该SINE家族和LINE家族具有一致的尾部序列和二级结构,表明该SINE家族借助于其基因组内HAmo LINE编码的反转座酶系统实现自身近期的不断增殖。经序列结构比较,HAmo和Smal,FokI家族虽然序列高度相似,但它们却是在各自的进化谱系中依赖于同一起源的LINE家族,独立产生的。
该论文的亮点在于首次将磁珠分选系统应用于散在重复序列的分离,代替了目前该研究领域传统的通过构建文库杂交扫描分离的方法,这种新方法在实验周期,成本,效率等各方面明显优于传统方法,尤其对于传统方法不能分离得到的低拷贝的SINE序列也能分离得到。其次,分离得到的SINE家族和其他两个在远缘物种鱼类内的SINE家族的高度相似性表现出自然界里面的罕见的独立产生的SINE家族的趋同性。

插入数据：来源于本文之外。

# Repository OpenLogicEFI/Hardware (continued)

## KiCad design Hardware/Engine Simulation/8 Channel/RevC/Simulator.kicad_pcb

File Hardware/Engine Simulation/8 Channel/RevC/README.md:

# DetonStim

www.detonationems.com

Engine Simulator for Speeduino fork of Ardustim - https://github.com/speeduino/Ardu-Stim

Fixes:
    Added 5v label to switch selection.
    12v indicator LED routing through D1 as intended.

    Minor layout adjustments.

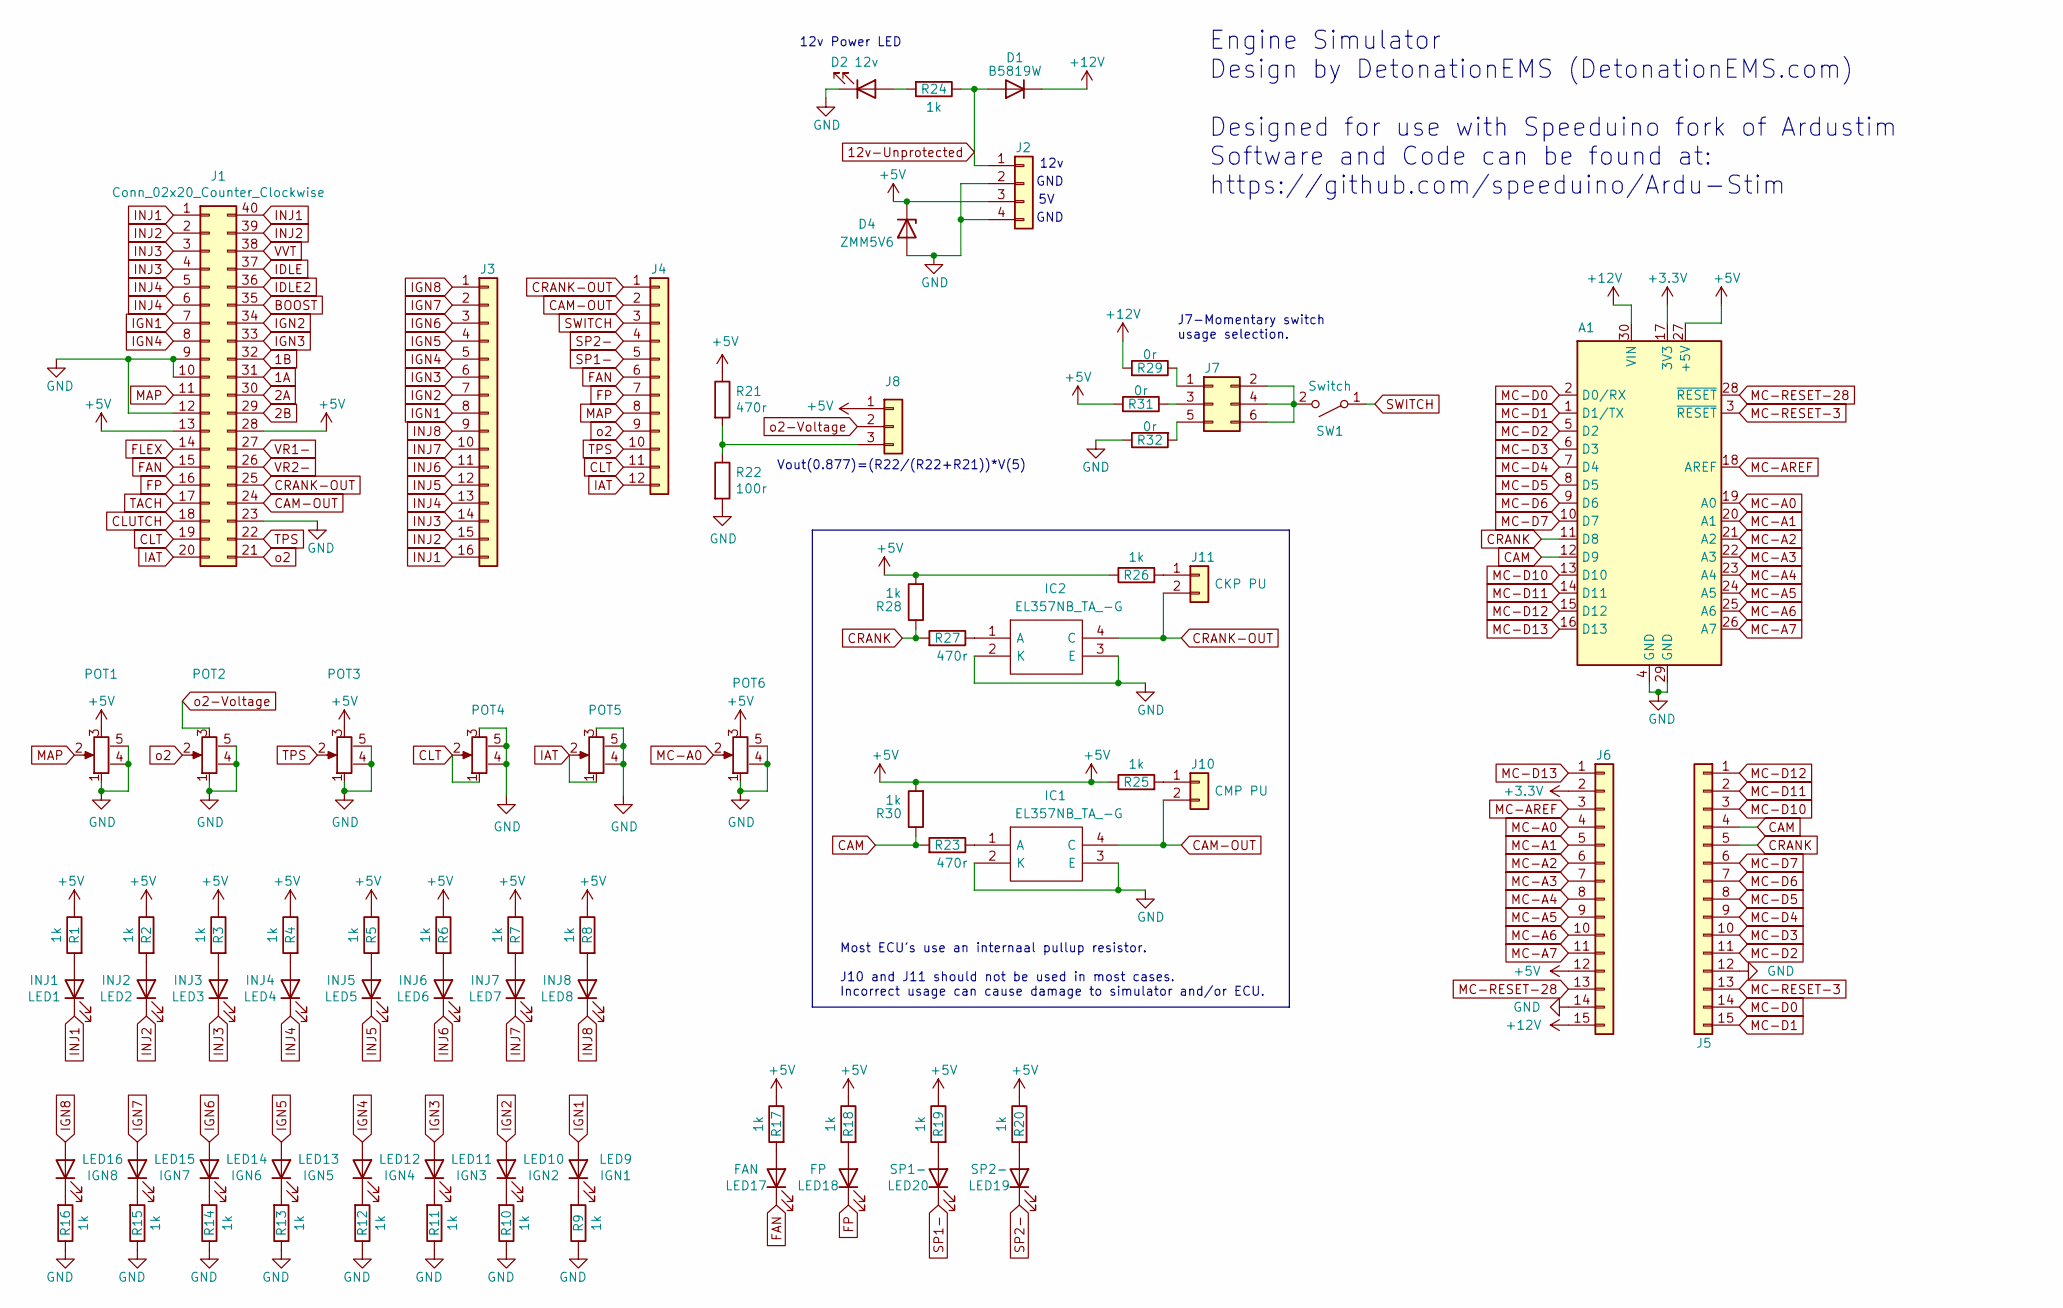
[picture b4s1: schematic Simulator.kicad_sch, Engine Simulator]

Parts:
A1: Arduino_Nano_v3.x; Arduino_Nano
D1: B5819W; D_SOD-123; LCSC C8598
D2: 12v; LED_0603_1608Metric; LCSC C2286
D4: ZMM5V6; D_MiniMELF; LCSC C8062
IC1, IC2: EL357NB_TA_-G; SOP254P700X200-4N; Manufacturer_Part_Number EL357NB(TA)-G; Mouser Part Number 638-EL357NBTAG
J1: Conn_02x20_Counter_Clockwise; IDC-Header_2x20_P2.54mm_Vertical_Speeduino
J2: Conn_01x04; TerminalBlock_Phoenix_PT-1,5-4-3.5-H_1x04_P3.50mm_Horizontal
J3: Conn_01x08; TerminalBlock_Phoenix_PT-1,5-16-3.5-H_1x16_P3.50mm_Horizont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
J4: Conn_01x10; TerminalBlock_Phoenix_PT-1,5-12-3.5-H_1x12_P3.50mm_Horizont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
J5, J6: Conn_01x04; PinSocket_1x15_P2.54mm_Vertical
J7: Conn_01x03; PinSocket 2x03
J8: Conn_01x03; 3-PinSwitch
J10: CMP PU; 1x02-Proto
J11: CKP PU; 1x02-Proto
LED1: INJ1; LED_0603_1608Metric; LCSC C2286
LED2: INJ2; LED_0603_1608Metric; LCSC C2286
LED3: INJ3; LED_0603_1608Metric; LCSC C2286
LED4: INJ4; LED_0603_1608Metric; LCSC C2286
LED5: INJ5; LED_0603_1608Metric; LCSC C2286
LED6: INJ6; LED_0603_1608Metric; LCSC C2286
LED7: INJ7; LED_0603_1608Metric; LCSC C2286
LED8: INJ8; LED_0603_1608Metric; LCSC C2286
LED9: IGN1; LED_0603_1608Metric; LCSC C2286
LED10: IGN2; LED_0603_1608Metric; LCSC C2286
LED11: IGN3; LED_0603_1608Metric; LCSC C2286
LED12: IGN4; LED_0603_1608Metric; LCSC C2286
LED13: IGN5; LED_0603_1608Metric; LCSC C2286
LED14: IGN6; LED_0603_1608Metric; LCSC C2286
LED15: IGN7; LED_0603_1608Metric; LCSC C2286
LED16: IGN8; LED_0603_1608Metric; LCSC C2286
LED17: FAN; LED_0603_1608Metric; LCSC C2286
LED18: FP; LED_0603_1608Metric; LCSC C2286
LED19: SP2-; LED_0603_1608Metric; LCSC C2286
LED20: SP1-; LED_0603_1608Metric; LCSC C2286
POT1: IAT; RV09AF4020KB10K
POT2: CLT; RV09AF4020KB10K
POT3: MAP/SP1; RV09AF4020KB10K
POT4: TPS; RV09AF4020KB10K
POT5: o2; RV09AF4020KB10K
POT6: RPM; RV09AF4020KB10K
R1, R2, R3, R4, R5, R6, R7, R8, R9, R10, R11, R12, R13, R14, R15, R16, R17, R18, R19, R20, R24, R25, R26, R28, R30: 1k; R_0603_1608Metric; LCSC C21190
R21, R23, R27: 470r; R_0603_1608Metric; LCSC C23179
R22: 100r; R_0603_1608Metric; LCSC C22775
R29, R31, R32: 0r; R_0805_2012Metric; Manufacture PN 0805W8F0000T5E; LCSC C17477
SW1: Switch; SW_PUSH_6mm_H9.5mm

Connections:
1A: J1.31
1B: J1.32
2A: J1.30
2B: J1.29
12v-Unprotected: D1.2 (A), J2.1, R24.1
+3.3V: A1.17 (3V3), J6.2
+5V: A1.27 (+5V), D4.1 (K), J1.13, J1.28, J2.3, J6.12, J8.1, POT1.3, POT3.3, POT6.3, R1.1, R2.1, R3.1, R4.1, R5.1, R6.1, R7.1, R8.1, R17.1, R18.1, R19.1, R20.1, R21.1, R25.1, R26.1, R28.2, R30.2, R31.2
+12V: A1.30 (VIN), D1.1 (K), J6.15, R29.2
BOOST: J1.35
CAM: A1.12 (D9), J5.4, R23.2, R30.1
CAM-OUT: IC1.4 (C), J1.24, J4.2, J10.2
CLT: J1.19, J4.11, POT4.1, POT4.2
CLUTCH: J1.18
CRANK: A1.11 (D8), J5.5, R27.2, R28.1
CRANK-OUT: IC2.4 (C), J1.25, J4.1, J11.2
FAN: J1.15, J4.6, LED17.1 (K)
FLEX: J1.14
FP: J1.16, J4.7, LED18.1 (K)
GND: A1.4 (GND), A1.29 (GND), D2.1 (K), D4.2 (A), IC1.2 (K), IC1.3 (E), IC2.2 (K), IC2.3 (E), J1.9, J1.10, J1.12, J1.23, J2.2, J2.4, J5.12, J6.14, POT1.1, POT1.4 (Mounting_Tap), POT1.5 (Mounting_Tap), POT2.1, POT2.4 (Mounting_Tap), POT2.5 (Mounting_Tap), POT3.1, POT3.4 (Mounting_Tap), POT3.5 (Mounting_Tap), POT4.3, POT4.4 (Mounting_Tap), POT4.5 (Mounting_Tap), POT5.3, POT5.4 (Mounting_Tap), POT5.5 (Mounting_Tap), POT6.1, POT6.4 (Mounting_Tap), POT6.5 (Mounting_Tap), R9.1, R10.1, R11.1, R12.1, R13.1, R14.1, R15.1, R16.1, R22.2, R32.1; also elsewhere on the board
IAT: J1.20, J4.12, POT5.1, POT5.2
IDLE: J1.37
IDLE2: J1.36
IGN1: J1.7, J3.8, LED9.2 (A)
IGN2: J1.34, J3.7, LED10.2 (A)
IGN3: J1.33, J3.6, LED11.2 (A)
IGN4: J1.8, J3.5, LED12.2 (A)
IGN5: J3.4, LED13.2 (A)
IGN6: J3.3, LED14.2 (A)
IGN7: J3.2, LED15.2 (A)
IGN8: J3.1, LED16.2 (A)
INJ1: J1.1, J1.40, J3.16, LED1.1 (K)
INJ2: J1.2, J1.39, J3.15, LED2.1 (K)
INJ3: J1.3, J1.4, J3.14, LED3.1 (K)
INJ4: J1.5, J1.6, J3.13, LED4.1 (K)
INJ5: J3.12, LED5.1 (K)
INJ6: J3.11, LED6.1 (K)
INJ7: J3.10, LED7.1 (K)
INJ8: J3.9, LED8.1 (K)
MAP: J1.11, J4.8, POT1.2
MC-A0: A1.19 (A0), J6.4, POT6.2
MC-A1: A1.20 (A1), J6.5
MC-A2: A1.21 (A2), J6.6
MC-A3: A1.22 (A3), J6.7
MC-A4: A1.23 (A4), J6.8
MC-A5: A1.24 (A5), J6.9
MC-A6: A1.25 (A6), J6.10
MC-A7: A1.26 (A7), J6.11
MC-AREF: A1.18 (AREF), J6.3
MC-D0: A1.2 (D0/RX), J5.14
MC-D1: A1.1 (D1/TX), J5.15
MC-D2: A1.5 (D2), J5.11
MC-D3: A1.6 (D3), J5.10
MC-D4: A1.7 (D4), J5.9
MC-D5: A1.8 (D5), J5.8
MC-D6: A1.9 (D6), J5.7
MC-D7: A1.10 (D7), J5.6
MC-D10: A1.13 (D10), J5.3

该学科组后续的研究将集中在利用已经建立SINE分离平台,大规模分离SINE序列,进行鲤科鱼类系统发育和分子进化的研究,并运用生物信息学在?科鱼类中通过比较基因组学的方法筛选一大批潜在的候选SINE插入来研究其插入所揭示的系统发育意义。
原始出处:
BMC Genomics 2009, 10:83doi:10.1186/1471-2164-10-83
Bead-probe complex capture a couple of SINE and LINE family from genomes of two closely related species of East Asian cyprinid directly using magnetic separation
Chaobo Tong , Baocheng Guo and Shunping He
Abstract (provisional)
Background
Short and long interspersed elements (SINEs and LINEs, respectively), are two types of retroposons that are active in shaping the architecture of genomes and are powerful tools for studies of phylogeny and population biology. Here we developed a special protocol to apply a biotin-streptavidin bead system to isolate interspersed repeated sequences rapidly and efficiently, in which SINEs and LINEs were captured directly from digested genomic DNA by hybridization to a bead-probe complex in solution. This method was used instead of the traditional strategy using genomic library construction and screening.
Results
New SINEs and LINEs that shared an almost identical 3'tail were isolated and characterized in silver carp and bighead carp of two closely related species. These SINEs (34 members), designated the HAmo SINE family, showed little divergence in their sequences and were flanked by obvious TSD, indicating that HAmo SINE is a very young family. The copy numbers of this family was estimated to 2x10(5) and 1.7x10(5) per haploid genome by Real-Time qPCR, respectively. The LINEs, identified as homologs of LINE2 in other fishes, had a conserved primary sequence and secondary structures of the 3'tail region that was almost identical to that of HAmo SINE. This evidence suggests that HAmo SINEs are active and were amplified recently, utilizing the enzymatic machinery for retroposition of HAmoL2 through the recognition of higher-order structures of the conserved 42-tail region. We analyzed the possible structures of HAmo SINE that lead to successful amplification in the genome and deduced that HAmo SINE, SmaI SINE and FokI SINE shared similar sequences and were probably generated independently and created by the LINE family within the same lineage of a LINE phylogeny in the genomes of different hosts.
Conclusion
The results show the advantage of the novel method for retroposons isolation and a pair of young SINE family and its partner LINE family in two carp fishes, which strengthened the hypotheses of the slippage model for initiation of reverse transcription, retropositional parasitism of SINEs on LINEs, the formation of the stem loop structure in 3'tail region of some SINEs and LINEs and the mechanism of template switching in generating new SINE family.